##### Supplied records #####

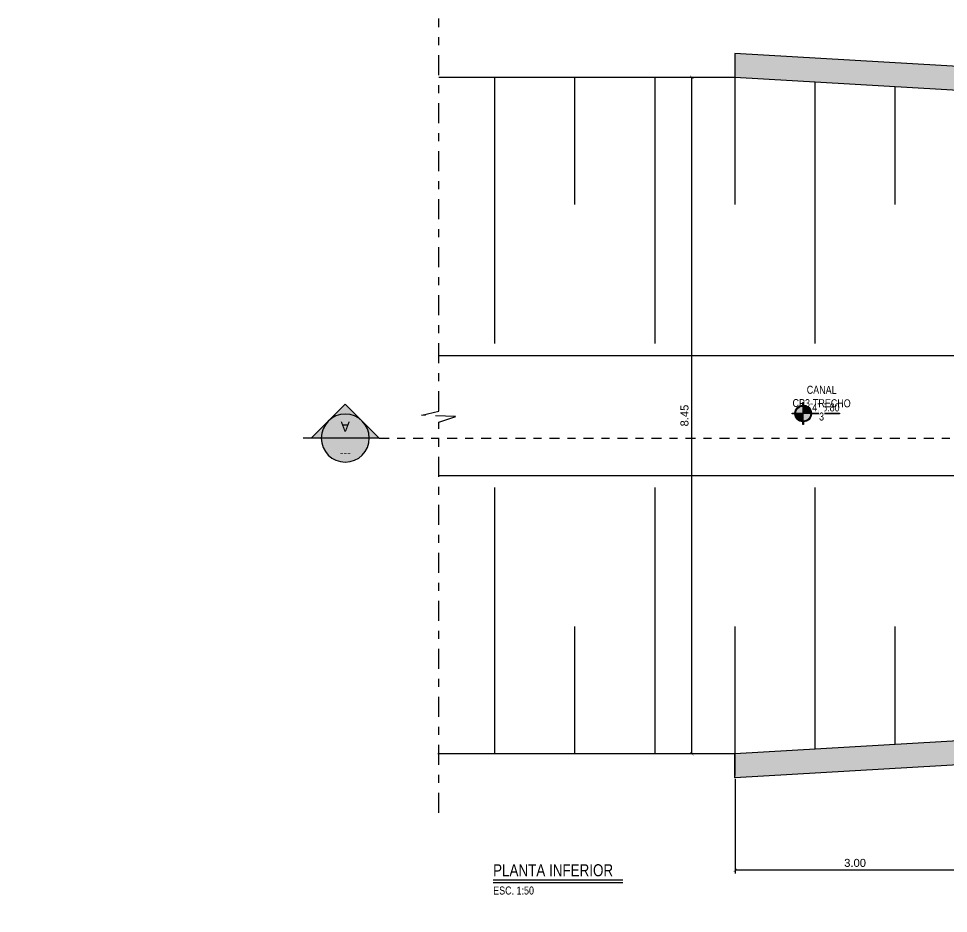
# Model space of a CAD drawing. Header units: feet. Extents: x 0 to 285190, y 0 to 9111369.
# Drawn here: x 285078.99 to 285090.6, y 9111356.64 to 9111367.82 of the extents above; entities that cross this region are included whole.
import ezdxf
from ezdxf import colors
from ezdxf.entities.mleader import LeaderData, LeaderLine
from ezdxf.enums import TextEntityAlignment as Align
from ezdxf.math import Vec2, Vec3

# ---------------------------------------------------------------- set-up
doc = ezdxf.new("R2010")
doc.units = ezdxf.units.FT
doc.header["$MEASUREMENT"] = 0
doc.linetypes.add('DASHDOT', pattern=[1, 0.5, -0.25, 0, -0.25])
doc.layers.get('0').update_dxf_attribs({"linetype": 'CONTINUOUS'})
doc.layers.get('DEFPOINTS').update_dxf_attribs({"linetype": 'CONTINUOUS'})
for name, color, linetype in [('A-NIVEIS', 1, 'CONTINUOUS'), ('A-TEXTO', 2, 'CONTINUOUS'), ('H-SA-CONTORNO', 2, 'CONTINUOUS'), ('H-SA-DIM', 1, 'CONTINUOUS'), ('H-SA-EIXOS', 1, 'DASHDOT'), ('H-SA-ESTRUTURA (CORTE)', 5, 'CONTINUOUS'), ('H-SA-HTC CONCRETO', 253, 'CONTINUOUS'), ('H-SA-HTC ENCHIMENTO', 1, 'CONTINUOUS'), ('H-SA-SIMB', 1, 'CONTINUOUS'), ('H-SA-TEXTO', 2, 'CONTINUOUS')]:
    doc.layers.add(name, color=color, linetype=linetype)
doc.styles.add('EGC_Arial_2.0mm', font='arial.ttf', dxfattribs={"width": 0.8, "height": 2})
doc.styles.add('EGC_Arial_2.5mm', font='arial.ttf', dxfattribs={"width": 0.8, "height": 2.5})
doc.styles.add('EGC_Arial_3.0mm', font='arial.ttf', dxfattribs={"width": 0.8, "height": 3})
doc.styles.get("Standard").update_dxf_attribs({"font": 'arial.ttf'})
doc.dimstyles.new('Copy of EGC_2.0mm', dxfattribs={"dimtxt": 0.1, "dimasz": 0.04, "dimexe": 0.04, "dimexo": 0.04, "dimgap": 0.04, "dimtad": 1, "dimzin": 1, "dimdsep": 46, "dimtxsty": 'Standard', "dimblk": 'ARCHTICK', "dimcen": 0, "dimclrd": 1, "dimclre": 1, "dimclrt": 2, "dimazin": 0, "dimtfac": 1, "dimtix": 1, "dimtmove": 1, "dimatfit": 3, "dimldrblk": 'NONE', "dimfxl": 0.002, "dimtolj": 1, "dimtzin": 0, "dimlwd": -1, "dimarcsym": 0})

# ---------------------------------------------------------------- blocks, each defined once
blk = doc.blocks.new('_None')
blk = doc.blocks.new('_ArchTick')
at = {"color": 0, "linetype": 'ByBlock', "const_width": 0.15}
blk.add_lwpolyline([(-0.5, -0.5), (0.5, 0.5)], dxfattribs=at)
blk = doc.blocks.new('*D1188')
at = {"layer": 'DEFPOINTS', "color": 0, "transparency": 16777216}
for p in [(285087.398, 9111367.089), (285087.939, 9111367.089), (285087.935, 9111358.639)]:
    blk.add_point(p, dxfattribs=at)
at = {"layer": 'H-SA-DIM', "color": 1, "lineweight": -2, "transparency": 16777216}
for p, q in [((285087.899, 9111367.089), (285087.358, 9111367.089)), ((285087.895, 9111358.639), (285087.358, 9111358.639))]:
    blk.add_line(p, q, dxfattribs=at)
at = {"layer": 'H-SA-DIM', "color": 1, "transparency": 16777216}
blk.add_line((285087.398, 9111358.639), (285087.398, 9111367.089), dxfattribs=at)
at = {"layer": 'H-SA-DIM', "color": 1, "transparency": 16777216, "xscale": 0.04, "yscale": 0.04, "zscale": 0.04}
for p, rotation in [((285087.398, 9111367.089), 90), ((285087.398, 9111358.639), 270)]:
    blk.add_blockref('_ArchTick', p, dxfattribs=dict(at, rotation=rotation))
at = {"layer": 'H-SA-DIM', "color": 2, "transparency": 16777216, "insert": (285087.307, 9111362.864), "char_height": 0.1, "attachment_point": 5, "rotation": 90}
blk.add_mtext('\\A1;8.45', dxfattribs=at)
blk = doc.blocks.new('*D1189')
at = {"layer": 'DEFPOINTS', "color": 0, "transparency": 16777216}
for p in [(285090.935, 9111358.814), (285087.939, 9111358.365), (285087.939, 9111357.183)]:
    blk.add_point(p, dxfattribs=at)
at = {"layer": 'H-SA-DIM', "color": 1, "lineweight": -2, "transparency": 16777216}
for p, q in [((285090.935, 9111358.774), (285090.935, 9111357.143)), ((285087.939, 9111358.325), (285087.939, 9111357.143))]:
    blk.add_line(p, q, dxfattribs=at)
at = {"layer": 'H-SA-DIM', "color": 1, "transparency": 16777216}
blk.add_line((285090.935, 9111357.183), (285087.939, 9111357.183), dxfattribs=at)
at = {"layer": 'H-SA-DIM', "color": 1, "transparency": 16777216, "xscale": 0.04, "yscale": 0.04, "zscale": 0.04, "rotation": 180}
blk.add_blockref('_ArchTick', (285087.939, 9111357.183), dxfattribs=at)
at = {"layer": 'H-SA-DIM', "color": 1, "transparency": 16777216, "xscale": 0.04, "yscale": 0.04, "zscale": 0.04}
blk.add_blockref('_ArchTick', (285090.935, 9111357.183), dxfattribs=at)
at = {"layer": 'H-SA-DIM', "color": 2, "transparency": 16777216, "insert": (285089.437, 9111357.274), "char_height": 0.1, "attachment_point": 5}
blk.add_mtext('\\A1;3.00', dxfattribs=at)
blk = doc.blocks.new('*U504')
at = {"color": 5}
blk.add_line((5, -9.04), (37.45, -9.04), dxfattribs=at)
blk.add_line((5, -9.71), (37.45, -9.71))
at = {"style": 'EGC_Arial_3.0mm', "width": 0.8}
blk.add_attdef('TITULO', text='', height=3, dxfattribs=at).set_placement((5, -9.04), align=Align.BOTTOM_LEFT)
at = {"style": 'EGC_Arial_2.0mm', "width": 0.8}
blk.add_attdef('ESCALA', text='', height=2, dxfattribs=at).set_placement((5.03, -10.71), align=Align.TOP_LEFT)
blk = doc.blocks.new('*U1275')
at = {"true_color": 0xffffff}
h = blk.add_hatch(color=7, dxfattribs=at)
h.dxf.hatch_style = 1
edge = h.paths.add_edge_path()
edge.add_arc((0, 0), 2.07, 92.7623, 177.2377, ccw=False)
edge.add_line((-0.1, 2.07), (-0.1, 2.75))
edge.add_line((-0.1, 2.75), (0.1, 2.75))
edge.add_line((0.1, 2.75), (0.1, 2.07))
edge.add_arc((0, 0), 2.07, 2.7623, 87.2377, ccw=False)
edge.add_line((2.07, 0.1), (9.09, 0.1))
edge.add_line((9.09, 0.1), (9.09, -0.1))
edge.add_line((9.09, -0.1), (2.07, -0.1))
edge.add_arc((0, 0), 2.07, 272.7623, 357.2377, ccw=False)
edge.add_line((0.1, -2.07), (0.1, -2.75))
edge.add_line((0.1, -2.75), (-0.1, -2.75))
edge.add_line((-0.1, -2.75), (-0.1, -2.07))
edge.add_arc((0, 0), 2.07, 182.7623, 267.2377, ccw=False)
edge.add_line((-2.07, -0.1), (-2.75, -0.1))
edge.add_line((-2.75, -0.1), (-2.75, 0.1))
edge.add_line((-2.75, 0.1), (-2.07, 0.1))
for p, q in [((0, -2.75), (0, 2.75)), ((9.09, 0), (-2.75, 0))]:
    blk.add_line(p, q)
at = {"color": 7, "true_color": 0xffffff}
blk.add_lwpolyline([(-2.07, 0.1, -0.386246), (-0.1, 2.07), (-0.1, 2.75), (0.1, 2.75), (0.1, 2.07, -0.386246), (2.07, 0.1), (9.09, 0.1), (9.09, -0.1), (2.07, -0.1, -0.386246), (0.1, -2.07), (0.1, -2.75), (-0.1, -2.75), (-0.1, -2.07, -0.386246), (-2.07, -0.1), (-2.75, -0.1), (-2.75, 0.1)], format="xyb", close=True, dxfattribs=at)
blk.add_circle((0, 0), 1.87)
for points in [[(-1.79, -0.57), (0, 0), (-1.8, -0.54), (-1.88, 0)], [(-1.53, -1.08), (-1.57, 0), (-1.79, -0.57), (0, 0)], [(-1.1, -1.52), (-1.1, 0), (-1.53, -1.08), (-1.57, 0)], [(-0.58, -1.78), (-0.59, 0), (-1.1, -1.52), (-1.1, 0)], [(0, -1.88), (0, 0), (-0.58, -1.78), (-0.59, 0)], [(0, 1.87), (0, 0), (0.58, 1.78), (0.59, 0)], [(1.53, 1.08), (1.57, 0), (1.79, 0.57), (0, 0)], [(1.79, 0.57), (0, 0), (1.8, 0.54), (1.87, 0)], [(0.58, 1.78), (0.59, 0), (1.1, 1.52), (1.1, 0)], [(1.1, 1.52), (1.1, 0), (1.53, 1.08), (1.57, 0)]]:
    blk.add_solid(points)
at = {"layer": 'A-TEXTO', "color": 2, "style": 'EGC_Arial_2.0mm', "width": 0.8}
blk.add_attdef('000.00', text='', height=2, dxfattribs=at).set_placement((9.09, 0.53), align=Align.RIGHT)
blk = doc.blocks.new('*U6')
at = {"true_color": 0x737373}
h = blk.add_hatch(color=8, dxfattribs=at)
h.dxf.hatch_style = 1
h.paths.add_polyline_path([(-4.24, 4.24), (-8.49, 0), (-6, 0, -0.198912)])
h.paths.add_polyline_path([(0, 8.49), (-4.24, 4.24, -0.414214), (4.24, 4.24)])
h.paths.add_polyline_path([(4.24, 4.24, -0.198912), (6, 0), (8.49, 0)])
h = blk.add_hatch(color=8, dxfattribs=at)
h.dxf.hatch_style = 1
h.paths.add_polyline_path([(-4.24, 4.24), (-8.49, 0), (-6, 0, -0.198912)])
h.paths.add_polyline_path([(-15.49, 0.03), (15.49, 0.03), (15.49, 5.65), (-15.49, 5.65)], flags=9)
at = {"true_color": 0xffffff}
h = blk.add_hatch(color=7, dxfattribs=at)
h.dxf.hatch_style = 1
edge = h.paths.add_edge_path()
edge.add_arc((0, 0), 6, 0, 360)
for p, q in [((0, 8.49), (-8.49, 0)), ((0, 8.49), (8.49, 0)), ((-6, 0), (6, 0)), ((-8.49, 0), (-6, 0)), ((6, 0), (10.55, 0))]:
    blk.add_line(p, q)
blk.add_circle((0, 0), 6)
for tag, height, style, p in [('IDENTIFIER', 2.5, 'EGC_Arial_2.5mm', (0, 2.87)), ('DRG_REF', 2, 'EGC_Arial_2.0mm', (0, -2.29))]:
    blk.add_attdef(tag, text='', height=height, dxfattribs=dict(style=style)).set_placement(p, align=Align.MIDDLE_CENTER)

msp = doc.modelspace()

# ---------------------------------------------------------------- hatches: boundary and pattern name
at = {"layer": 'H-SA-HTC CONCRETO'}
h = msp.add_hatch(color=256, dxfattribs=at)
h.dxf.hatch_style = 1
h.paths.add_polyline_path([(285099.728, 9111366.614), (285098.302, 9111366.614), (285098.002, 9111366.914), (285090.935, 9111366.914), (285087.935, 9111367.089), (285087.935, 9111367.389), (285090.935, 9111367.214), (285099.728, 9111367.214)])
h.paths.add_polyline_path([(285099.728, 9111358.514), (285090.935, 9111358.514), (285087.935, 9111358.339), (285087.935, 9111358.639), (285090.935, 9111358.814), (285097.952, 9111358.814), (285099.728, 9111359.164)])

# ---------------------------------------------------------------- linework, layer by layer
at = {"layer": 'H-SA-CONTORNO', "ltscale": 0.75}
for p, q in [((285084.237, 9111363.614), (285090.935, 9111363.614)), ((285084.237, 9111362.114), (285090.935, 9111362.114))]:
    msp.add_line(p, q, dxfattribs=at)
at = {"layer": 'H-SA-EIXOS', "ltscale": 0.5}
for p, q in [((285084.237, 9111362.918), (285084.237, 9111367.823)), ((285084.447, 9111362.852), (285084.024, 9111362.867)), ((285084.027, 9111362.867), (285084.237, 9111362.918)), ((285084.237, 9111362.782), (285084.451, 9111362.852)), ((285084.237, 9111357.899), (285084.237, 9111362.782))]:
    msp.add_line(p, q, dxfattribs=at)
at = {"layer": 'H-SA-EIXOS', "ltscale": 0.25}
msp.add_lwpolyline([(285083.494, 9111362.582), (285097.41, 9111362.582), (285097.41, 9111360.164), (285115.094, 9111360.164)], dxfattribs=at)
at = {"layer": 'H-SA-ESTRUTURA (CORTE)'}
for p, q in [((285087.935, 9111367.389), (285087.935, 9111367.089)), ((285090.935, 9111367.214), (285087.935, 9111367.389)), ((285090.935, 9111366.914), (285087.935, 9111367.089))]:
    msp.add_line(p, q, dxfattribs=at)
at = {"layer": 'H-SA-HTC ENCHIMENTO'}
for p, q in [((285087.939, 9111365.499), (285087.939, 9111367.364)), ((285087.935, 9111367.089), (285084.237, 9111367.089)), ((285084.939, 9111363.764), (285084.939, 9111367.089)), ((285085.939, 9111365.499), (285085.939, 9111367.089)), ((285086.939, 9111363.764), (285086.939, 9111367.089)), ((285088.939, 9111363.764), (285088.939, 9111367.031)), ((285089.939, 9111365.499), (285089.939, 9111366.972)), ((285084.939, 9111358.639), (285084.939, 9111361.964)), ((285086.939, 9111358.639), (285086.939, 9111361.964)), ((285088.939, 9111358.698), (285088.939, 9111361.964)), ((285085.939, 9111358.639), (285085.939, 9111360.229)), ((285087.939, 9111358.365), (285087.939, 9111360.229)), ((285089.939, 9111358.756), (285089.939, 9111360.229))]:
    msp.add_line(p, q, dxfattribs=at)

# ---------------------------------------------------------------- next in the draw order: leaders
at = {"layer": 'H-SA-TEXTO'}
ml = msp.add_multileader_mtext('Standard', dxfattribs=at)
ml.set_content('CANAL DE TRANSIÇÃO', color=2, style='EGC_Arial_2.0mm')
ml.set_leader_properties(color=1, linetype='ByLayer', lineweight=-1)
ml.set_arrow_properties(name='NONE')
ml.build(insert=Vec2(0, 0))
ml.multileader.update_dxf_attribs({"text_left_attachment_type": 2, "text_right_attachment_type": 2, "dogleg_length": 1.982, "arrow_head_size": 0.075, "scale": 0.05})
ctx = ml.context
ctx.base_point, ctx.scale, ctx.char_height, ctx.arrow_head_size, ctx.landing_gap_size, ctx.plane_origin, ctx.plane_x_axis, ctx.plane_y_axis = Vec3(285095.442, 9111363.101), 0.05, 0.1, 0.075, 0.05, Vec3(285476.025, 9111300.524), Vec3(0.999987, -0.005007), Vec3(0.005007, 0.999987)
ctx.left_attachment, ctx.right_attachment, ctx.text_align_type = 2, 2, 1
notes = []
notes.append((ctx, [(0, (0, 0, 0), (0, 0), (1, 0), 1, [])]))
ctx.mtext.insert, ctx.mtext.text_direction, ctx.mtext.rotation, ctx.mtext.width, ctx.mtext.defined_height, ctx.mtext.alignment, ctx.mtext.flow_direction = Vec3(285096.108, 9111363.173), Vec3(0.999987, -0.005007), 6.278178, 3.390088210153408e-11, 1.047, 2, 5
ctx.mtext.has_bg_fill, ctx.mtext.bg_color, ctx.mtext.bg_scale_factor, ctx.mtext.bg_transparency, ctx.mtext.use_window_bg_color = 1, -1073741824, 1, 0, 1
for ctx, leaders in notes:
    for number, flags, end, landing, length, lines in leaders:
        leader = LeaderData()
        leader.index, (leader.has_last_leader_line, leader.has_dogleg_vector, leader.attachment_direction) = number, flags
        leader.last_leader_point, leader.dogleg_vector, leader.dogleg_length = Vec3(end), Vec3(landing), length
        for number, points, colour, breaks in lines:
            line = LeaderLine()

#####

## Exercise
Show all lines from the entries that hold "blocks".

## Task result
# ---------------------------------------------------------------- blocks, each defined once
blk = doc.blocks.new('_None')
blk = doc.blocks.new('_ArchTick')
blk = doc.blocks.new('*D1188')
blk = doc.blocks.new('*D1189')
blk = doc.blocks.new('*U504')
blk = doc.blocks.new('*U1275')
blk = doc.blocks.new('*U6')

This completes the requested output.